[Records contained in a dataset]
● ● ● ●
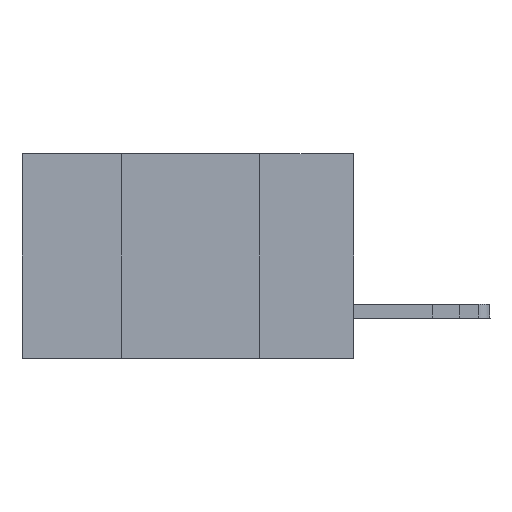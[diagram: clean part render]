
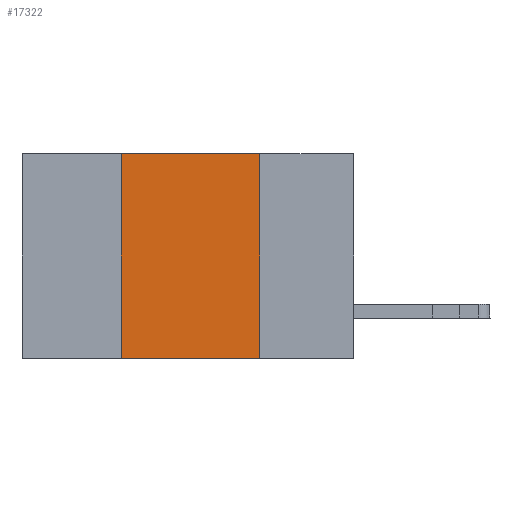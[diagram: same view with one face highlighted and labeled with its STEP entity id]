
A CAD part, left-side view. The second image highlights one B-rep face of the part: STEP entity #17322.
In plain terms, the highlighted planar face has unit normal (-1, 0, 0).
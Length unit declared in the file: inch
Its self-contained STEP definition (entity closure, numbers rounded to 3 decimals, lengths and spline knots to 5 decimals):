
#131 = EDGE_CURVE ( 'NONE', #13213, #1597, #697, .T. ) ;
#556 = CARTESIAN_POINT ( 'NONE',  ( 0., 0.42, 0. ) ) ;
#668 = CARTESIAN_POINT ( 'NONE',  ( 0., 0.17, -0.37 ) ) ;
#681 = ORIENTED_EDGE ( 'NONE', *, *, #14963, .F. ) ;
#697 = LINE ( 'NONE', #6746, #9190 ) ;
#1310 = DIRECTION ( 'NONE',  ( 0., -1., 0. ) ) ;
#1597 = VERTEX_POINT ( 'NONE', #556 ) ;
#2887 = EDGE_CURVE ( 'NONE', #13213, #6983, #3304, .T. ) ;
#3304 = LINE ( 'NONE', #6347, #20135 ) ;
#4202 = DIRECTION ( 'NONE',  ( 1., 0., 0. ) ) ;
#4921 = ORIENTED_EDGE ( 'NONE', *, *, #131, .F. ) ;
#6324 = DIRECTION ( 'NONE',  ( 0., -1., 0. ) ) ;
#6347 = CARTESIAN_POINT ( 'NONE',  ( 0., 0.6, -0.37 ) ) ;
#6746 = CARTESIAN_POINT ( 'NONE',  ( 0., 0.42, 0. ) ) ;
#6983 = VERTEX_POINT ( 'NONE', #668 ) ;
#7291 = PLANE ( 'NONE',  #7610 ) ;
#7445 = LINE ( 'NONE', #18662, #15939 ) ;
#7610 = AXIS2_PLACEMENT_3D ( 'NONE', #13747, #4202, #15333 ) ;
#8794 = DIRECTION ( 'NONE',  ( 0., 0., 1. ) ) ;
#9190 = VECTOR ( 'NONE', #8794, 39.37008 ) ;
#9584 = LINE ( 'NONE', #19967, #13817 ) ;
#9871 = EDGE_CURVE ( 'NONE', #16561, #6983, #9584, .T. ) ;
#10902 = CARTESIAN_POINT ( 'NONE',  ( 0., 0.42, -0.37 ) ) ;
#12906 = ORIENTED_EDGE ( 'NONE', *, *, #9871, .F. ) ;
#13213 = VERTEX_POINT ( 'NONE', #10902 ) ;
#13747 = CARTESIAN_POINT ( 'NONE',  ( 0., 0.6, 0. ) ) ;
#13817 = VECTOR ( 'NONE', #18426, 39.37008 ) ;
#14400 = EDGE_LOOP ( 'NONE', ( #12906, #681, #4921, #18585 ) ) ;
#14963 = EDGE_CURVE ( 'NONE', #1597, #16561, #7445, .T. ) ;
#15333 = DIRECTION ( 'NONE',  ( 0., 0., -1. ) ) ;
#15939 = VECTOR ( 'NONE', #1310, 39.37008 ) ;
#16505 = CARTESIAN_POINT ( 'NONE',  ( 0., 0.17, 0. ) ) ;
#16561 = VERTEX_POINT ( 'NONE', #16505 ) ;
#17322 = ADVANCED_FACE ( 'NONE', ( #19998 ), #7291, .F. ) ;
#18426 = DIRECTION ( 'NONE',  ( 0., 0., -1. ) ) ;
#18585 = ORIENTED_EDGE ( 'NONE', *, *, #2887, .T. ) ;
#18662 = CARTESIAN_POINT ( 'NONE',  ( 0., 0.6, 0. ) ) ;
#19967 = CARTESIAN_POINT ( 'NONE',  ( 0., 0.17, 0. ) ) ;
#19998 = FACE_OUTER_BOUND ( 'NONE', #14400, .T. ) ;
#20135 = VECTOR ( 'NONE', #6324, 39.37008 ) ;
● ● ● ●
What you have to do:
From the records above, transcribe without alteration every line from the one with "#7445 = LINE ( 'NONE', #18662, #15939 ) ;" to the one with "#15939 = VECTOR ( 'NONE', #1310, 39.37008 ) ;", inclusive.

Written answer:
#7445 = LINE ( 'NONE', #18662, #15939 ) ;
#7610 = AXIS2_PLACEMENT_3D ( 'NONE', #13747, #4202, #15333 ) ;
#8794 = DIRECTION ( 'NONE',  ( 0., 0., 1. ) ) ;
#9190 = VECTOR ( 'NONE', #8794, 39.37008 ) ;
#9584 = LINE ( 'NONE', #19967, #13817 ) ;
#9871 = EDGE_CURVE ( 'NONE', #16561, #6983, #9584, .T. ) ;
#10902 = CARTESIAN_POINT ( 'NONE',  ( 0., 0.42, -0.37 ) ) ;
#12906 = ORIENTED_EDGE ( 'NONE', *, *, #9871, .F. ) ;
#13213 = VERTEX_POINT ( 'NONE', #10902 ) ;
#13747 = CARTESIAN_POINT ( 'NONE',  ( 0., 0.6, 0. ) ) ;
#13817 = VECTOR ( 'NONE', #18426, 39.37008 ) ;
#14400 = EDGE_LOOP ( 'NONE', ( #12906, #681, #4921, #18585 ) ) ;
#14963 = EDGE_CURVE ( 'NONE', #1597, #16561, #7445, .T. ) ;
#15333 = DIRECTION ( 'NONE',  ( 0., 0., -1. ) ) ;
#15939 = VECTOR ( 'NONE', #1310, 39.37008 ) ;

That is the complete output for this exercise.